East Coast Park is a strata terrace and/or cluster-house development — likely comprising a small number of multi-storey terrace or semi-detached strata units, each with private garden, garage, and multi-floor internal living across the typical Singapore terrace format. PropertyGuru and SRX listings reference unit configurations from 3 to 6 bedrooms, consistent with the large average transaction size of S$5.2M and the PSF range implied by the 14-sale dataset.

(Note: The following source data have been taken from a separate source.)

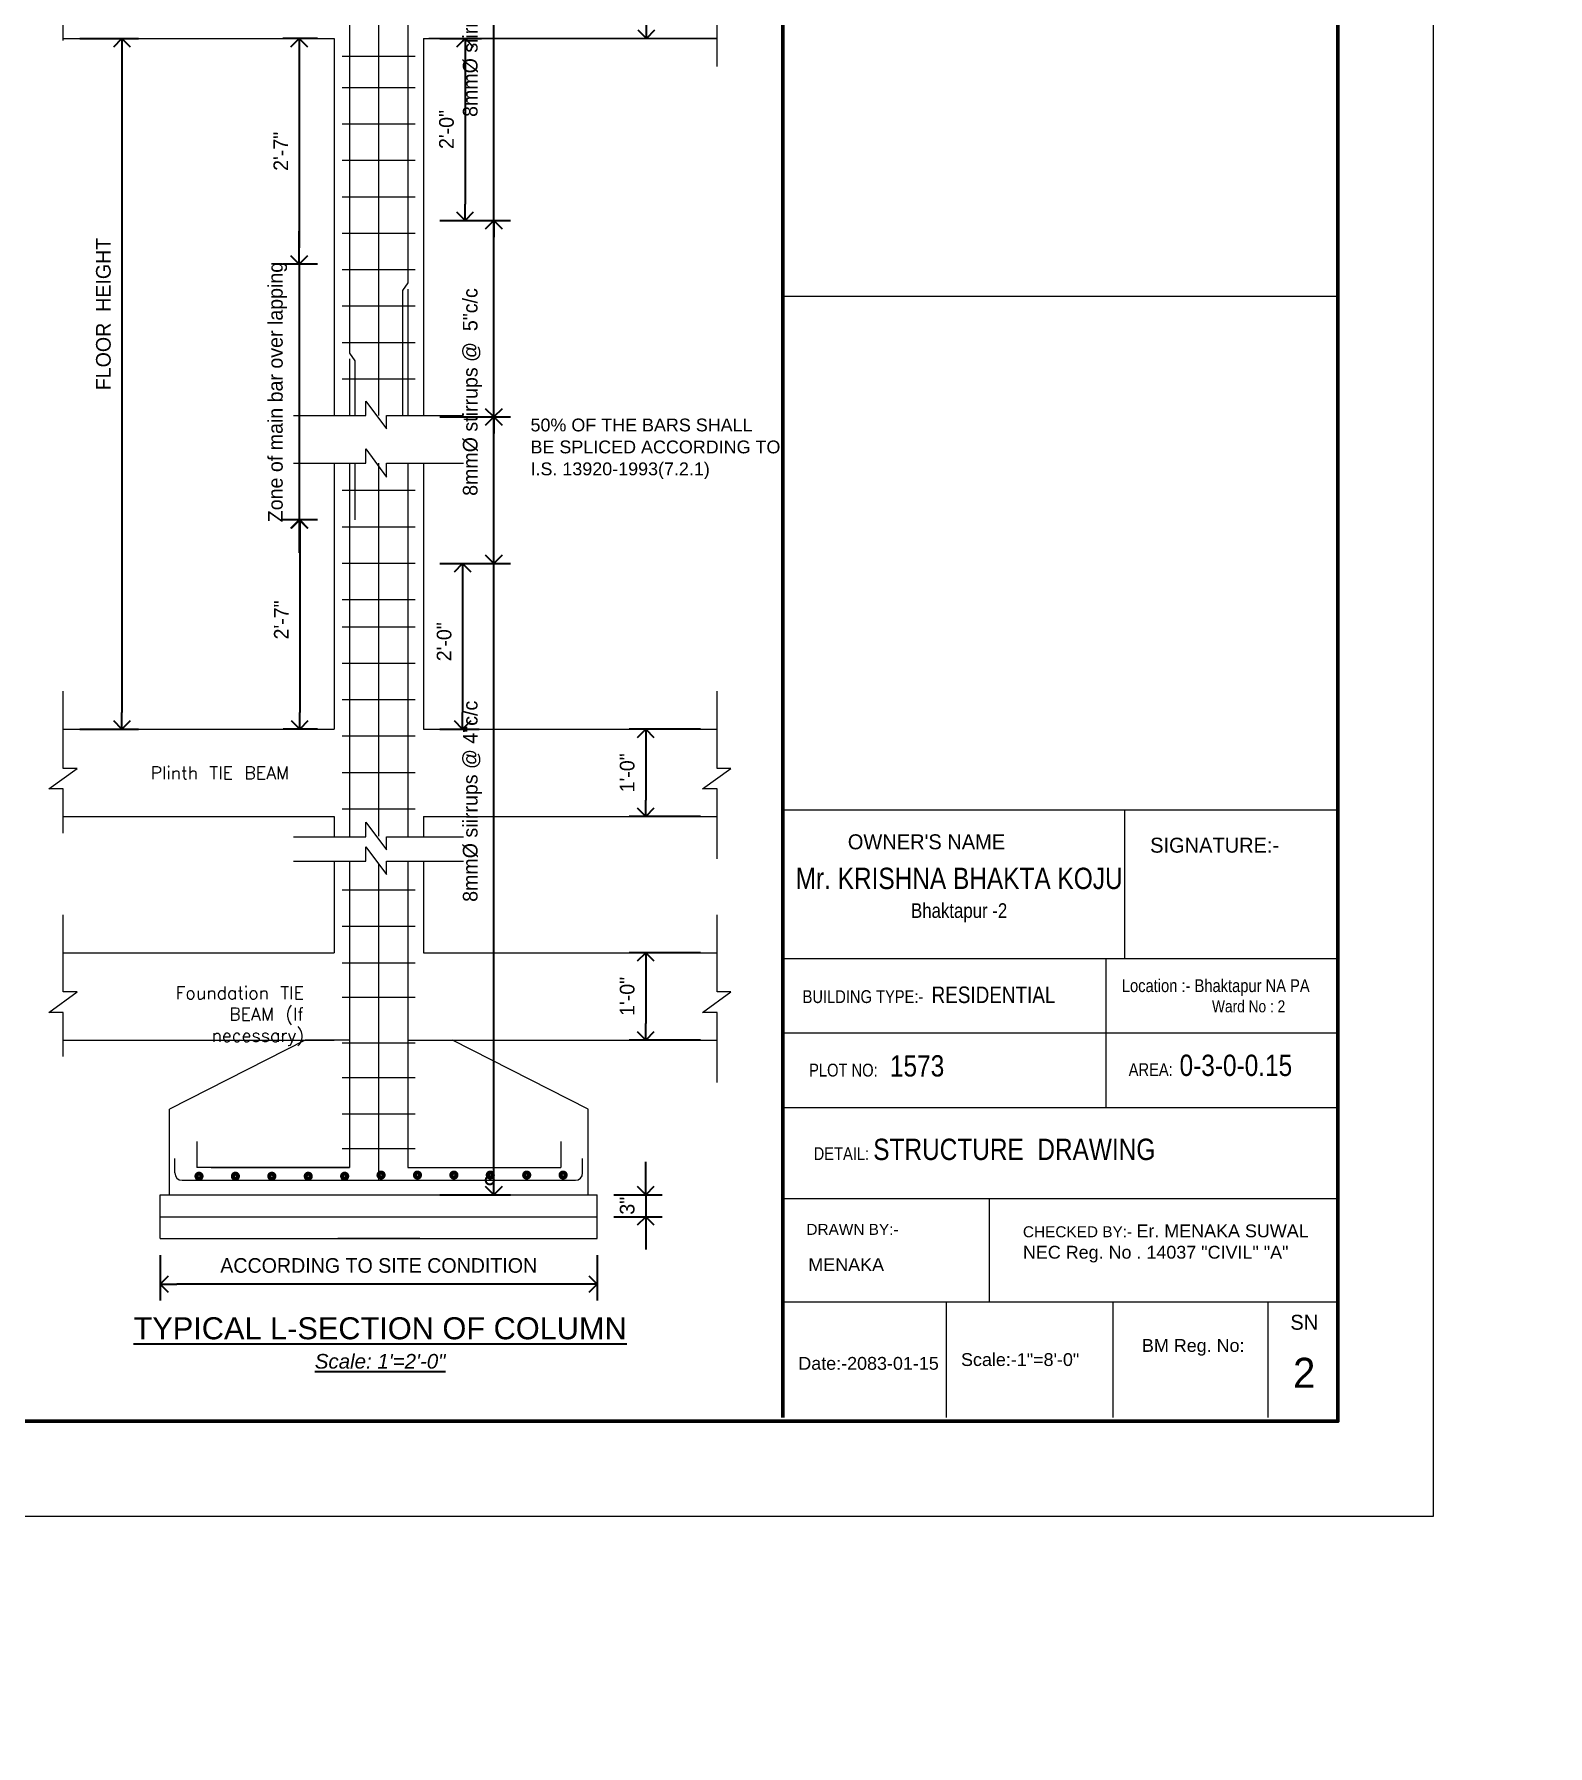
# Model space of a CAD drawing. Header units: inches. Extents: x -12071822 to 12321209, y -1222525 to 1319227.
# Drawn here: x 130498 to 131324, y 47979 to 48913 of the extents above; entities that cross this region are included whole.
import ezdxf

# ---------------------------------------------------------------- set-up
doc = ezdxf.new("R2010")
doc.units = ezdxf.units.IN
doc.header["$MEASUREMENT"] = 0
doc.header["$PDMODE"] = 35
for name, color, linetype, lineweight in [('BORDER', 7, 'Continuous', 60), ('DIM', 6, 'Continuous', 9), ('Hatch', 9, 'Continuous', 9), ('OUTLINE', 1, 'Continuous', 25), ('Rebars', 1, 'Continuous', 13), ('Sill', 4, 'Continuous', 0), ('STIRRUPS', 14, 'Continuous', 18), ('texts', 152, 'Continuous', 35), ('Window', 3, 'Continuous', 0), ('Windows', 151, 'Continuous', 15)]:
    doc.layers.add(name, color=color, linetype=linetype, lineweight=lineweight)
doc.styles.add('Capt 1', font='arial.ttf', dxfattribs={"height": 12})
doc.styles.add('Labels', font='arial.ttf', dxfattribs={"height": 8})
doc.styles.add('PAGE LAYOUT', font='comic.ttf', dxfattribs={"height": 8})
doc.styles.add('PRABIN', font='BKANT.TTF', dxfattribs={"height": 8})
doc.styles.add('S2', font='txt.shx', dxfattribs={"height": 3})
doc.styles.get("Standard").update_dxf_attribs({"font": 'arial.ttf'})
doc.styles.add('style4', font='ARIALN.TTF', dxfattribs={"height": 11})
doc.dimstyles.new("Copy of S-2'", dxfattribs={"dimscale": 96, "dimtxt": 9, "dimasz": 0.09375, "dimexe": 0.09375, "dimexo": 0.09375, "dimgap": 0.0625, "dimtad": 1, "dimdec": 0, "dimlfac": 0.25, "dimzin": 3, "dimdsep": 46, "dimlunit": 3, "dimtxsty": 'PRABIN', "dimblk": 'OPEN90', "dimcen": 0.09375, "dimdle": 0.09375, "dimclrd": 256, "dimclre": 34, "dimclrt": 256, "dimadec": 0, "dimazin": 1, "dimtfac": 1, "dimtdec": 0, "dimtix": 1, "dimtmove": 0, "dimatfit": 3, "dimldrblk": 'DOTSMALL', "dimfxl": 1, "dimtolj": 1, "dimtzin": 1, "dimarcsym": 0})

# ---------------------------------------------------------------- blocks, each defined once
blk = doc.blocks.new('_Open90')
at = {"color": 0, "linetype": 'ByBlock', "lineweight": -2}
for p, q in [((0, 0), (-1, 0)), ((-0.5, 0.5), (0, 0)), ((0, 0), (-0.5, -0.5))]:
    blk.add_line(p, q, dxfattribs=at)
blk = doc.blocks.new('*D3328')
at = {"layer": 'Defpoints', "color": 0, "transparency": 16777216}
for p in [(98328.79, -11583.06), (98567.25, -11583.06), (98328.79, -11607.94)]:
    blk.add_point(p, dxfattribs=at)
at = {"layer": 'DIM', "color": 34, "lineweight": -2, "transparency": 16777216}
for p, q in [((98328.79, -11592.06), (98328.79, -11616.94)), ((98567.25, -11592.06), (98567.25, -11616.94))]:
    blk.add_line(p, q, dxfattribs=at)
at = {"layer": 'DIM', "lineweight": -2, "transparency": 16777216}
blk.add_line((98558.25, -11607.94), (98337.79, -11607.94), dxfattribs=at)
at = {"layer": 'DIM', "lineweight": -2, "transparency": 16777216, "xscale": 9, "yscale": 9, "zscale": 9, "rotation": 180}
blk.add_blockref('_Open90', (98328.79, -11607.94), dxfattribs=at)
at = {"layer": 'DIM', "lineweight": -2, "transparency": 16777216, "xscale": 9, "yscale": 9, "zscale": 9}
blk.add_blockref('_Open90', (98567.25, -11607.94), dxfattribs=at)
at = {"layer": 'DIM', "transparency": 16777216, "insert": (98448.02, -11597.82), "char_height": 8, "attachment_point": 5, "style": 'PRABIN'}
blk.add_mtext('\\A1;ACCORDING TO SITE CONDITION', dxfattribs=at)
blk = doc.blocks.new('_DotSmall')
at = {"color": 0, "linetype": 'ByBlock', "const_width": 0.5}
blk.add_lwpolyline([(-0.0625, 0, 1), (0.0625, 0, 1)], format="xyb", close=True, dxfattribs=at)
blk = doc.blocks.new('*D3329')
at = {"layer": 'Defpoints', "color": 0, "ltscale": 0.1, "transparency": 16777216}
for p in [(98632.63, -11305.04), (98593.74, -11352.74), (98632.63, -11352.74)]:
    blk.add_point(p, dxfattribs=at)
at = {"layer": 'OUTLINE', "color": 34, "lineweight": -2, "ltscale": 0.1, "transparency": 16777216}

The transaction dataset of 14 sales at an average of S$5,220,000 (S$1,889 PSF) provides a usable price anchor, but thin enough that individual unit characteristics (floor level, orientation, garden size, renovation standard) can produce significant price variation within the cluster. The PSF trend across observed periods shows meaningful volatility: S$1,757 → S$2,392 → S$1,713 → S$1,889 — a pattern that reflects small-sample statistical noise rather than a structural market directional change at a cluster this size. Single-transaction quarters can move the reported average by hundreds of PSF dollars.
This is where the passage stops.